__TASK REQUIREMENTS__. Take the line that contains "#39904 = DIRECTION" as the first line and the final line of the records as the last; return exactly those lines and the lines between.

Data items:
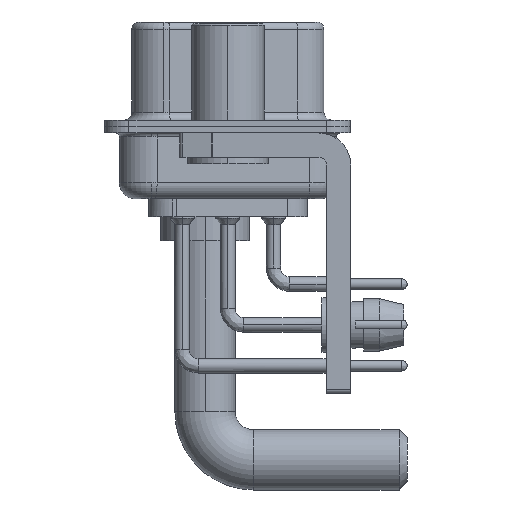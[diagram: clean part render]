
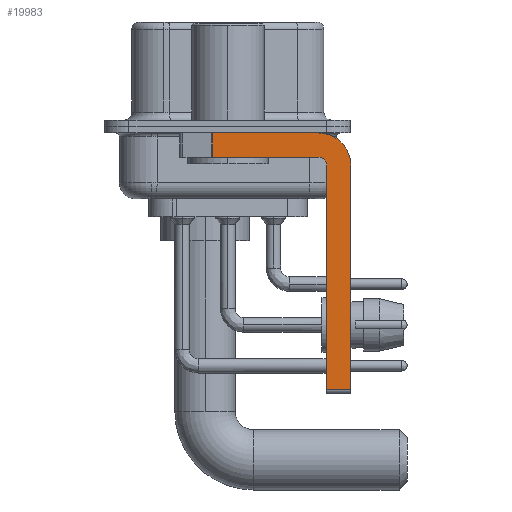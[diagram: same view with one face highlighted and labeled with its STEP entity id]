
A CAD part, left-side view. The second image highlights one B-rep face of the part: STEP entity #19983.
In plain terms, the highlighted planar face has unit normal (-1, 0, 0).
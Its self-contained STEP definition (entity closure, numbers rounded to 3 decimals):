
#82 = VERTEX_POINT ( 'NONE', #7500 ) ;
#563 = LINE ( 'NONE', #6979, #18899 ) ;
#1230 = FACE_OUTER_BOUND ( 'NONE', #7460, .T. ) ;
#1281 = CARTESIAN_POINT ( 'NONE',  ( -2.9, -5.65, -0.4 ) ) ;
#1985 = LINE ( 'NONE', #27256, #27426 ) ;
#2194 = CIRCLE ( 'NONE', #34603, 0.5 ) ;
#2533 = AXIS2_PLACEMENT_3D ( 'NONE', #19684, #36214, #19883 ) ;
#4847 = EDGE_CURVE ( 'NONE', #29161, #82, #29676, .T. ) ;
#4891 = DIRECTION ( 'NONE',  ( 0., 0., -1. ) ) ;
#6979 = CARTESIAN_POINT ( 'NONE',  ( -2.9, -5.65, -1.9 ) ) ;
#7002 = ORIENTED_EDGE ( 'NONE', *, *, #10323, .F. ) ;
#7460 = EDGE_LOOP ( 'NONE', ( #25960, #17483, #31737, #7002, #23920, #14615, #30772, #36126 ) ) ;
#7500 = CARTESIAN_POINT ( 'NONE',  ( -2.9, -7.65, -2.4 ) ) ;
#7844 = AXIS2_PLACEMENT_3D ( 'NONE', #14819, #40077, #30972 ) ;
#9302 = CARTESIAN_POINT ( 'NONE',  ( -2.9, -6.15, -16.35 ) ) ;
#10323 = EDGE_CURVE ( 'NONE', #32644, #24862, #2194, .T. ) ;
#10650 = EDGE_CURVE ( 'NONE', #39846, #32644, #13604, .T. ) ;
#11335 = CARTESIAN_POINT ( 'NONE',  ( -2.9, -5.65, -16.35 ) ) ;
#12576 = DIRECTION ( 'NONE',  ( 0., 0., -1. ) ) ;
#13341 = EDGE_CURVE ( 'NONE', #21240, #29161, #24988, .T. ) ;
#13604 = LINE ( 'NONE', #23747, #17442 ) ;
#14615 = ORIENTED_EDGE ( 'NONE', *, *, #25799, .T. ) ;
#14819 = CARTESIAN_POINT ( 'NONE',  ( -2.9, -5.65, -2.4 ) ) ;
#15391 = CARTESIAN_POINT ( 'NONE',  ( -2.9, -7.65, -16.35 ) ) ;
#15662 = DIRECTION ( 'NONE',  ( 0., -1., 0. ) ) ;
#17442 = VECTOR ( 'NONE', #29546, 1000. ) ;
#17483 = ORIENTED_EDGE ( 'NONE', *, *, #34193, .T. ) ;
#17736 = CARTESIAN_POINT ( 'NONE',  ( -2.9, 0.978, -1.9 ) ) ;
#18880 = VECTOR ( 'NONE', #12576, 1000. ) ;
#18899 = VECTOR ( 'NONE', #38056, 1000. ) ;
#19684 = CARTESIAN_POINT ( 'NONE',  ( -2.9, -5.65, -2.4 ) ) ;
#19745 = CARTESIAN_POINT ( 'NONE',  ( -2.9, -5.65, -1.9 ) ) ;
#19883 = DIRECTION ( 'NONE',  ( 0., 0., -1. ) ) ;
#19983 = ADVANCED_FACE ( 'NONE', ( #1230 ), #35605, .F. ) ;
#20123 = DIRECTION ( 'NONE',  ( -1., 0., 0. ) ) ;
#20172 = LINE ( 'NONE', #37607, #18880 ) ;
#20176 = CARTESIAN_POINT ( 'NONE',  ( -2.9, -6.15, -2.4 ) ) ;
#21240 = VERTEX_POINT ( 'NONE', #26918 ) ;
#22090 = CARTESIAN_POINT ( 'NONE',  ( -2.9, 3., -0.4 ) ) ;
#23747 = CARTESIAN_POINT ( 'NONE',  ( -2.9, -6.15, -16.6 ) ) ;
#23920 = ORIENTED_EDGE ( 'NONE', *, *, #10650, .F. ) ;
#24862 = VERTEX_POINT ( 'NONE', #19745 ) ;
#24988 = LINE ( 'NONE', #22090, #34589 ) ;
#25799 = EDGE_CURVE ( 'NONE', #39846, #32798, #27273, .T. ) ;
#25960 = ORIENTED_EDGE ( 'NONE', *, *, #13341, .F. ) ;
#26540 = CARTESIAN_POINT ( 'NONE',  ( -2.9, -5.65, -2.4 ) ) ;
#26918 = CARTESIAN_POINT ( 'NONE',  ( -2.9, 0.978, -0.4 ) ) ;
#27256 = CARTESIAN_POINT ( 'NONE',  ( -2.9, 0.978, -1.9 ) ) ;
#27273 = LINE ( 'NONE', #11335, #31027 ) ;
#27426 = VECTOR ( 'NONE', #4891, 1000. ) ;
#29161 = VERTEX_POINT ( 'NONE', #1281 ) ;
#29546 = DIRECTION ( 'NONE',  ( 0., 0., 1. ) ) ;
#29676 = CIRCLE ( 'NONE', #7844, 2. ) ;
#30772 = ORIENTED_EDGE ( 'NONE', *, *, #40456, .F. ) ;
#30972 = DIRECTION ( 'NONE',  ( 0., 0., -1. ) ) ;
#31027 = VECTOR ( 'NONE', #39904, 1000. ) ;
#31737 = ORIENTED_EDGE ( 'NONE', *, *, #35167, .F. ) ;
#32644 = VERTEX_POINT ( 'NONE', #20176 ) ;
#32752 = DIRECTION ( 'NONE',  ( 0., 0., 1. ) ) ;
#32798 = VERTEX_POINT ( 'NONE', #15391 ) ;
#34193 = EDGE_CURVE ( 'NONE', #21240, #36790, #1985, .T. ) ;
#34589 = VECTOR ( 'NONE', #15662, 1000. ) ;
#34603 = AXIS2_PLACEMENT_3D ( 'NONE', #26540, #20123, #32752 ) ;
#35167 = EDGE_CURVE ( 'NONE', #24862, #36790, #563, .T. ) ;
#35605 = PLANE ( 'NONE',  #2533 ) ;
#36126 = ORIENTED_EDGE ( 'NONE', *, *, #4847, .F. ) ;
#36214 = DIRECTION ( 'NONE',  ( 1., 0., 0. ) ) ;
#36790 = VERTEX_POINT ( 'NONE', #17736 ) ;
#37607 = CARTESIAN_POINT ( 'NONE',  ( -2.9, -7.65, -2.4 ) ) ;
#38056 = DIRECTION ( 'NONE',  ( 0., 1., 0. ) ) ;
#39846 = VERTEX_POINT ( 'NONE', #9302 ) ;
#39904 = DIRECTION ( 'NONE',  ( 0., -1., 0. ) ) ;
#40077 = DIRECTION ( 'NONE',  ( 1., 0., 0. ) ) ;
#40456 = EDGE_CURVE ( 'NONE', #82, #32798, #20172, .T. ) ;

__REPLY__.
#39904 = DIRECTION ( 'NONE',  ( 0., -1., 0. ) ) ;
#40077 = DIRECTION ( 'NONE',  ( 1., 0., 0. ) ) ;
#40456 = EDGE_CURVE ( 'NONE', #82, #32798, #20172, .T. ) ;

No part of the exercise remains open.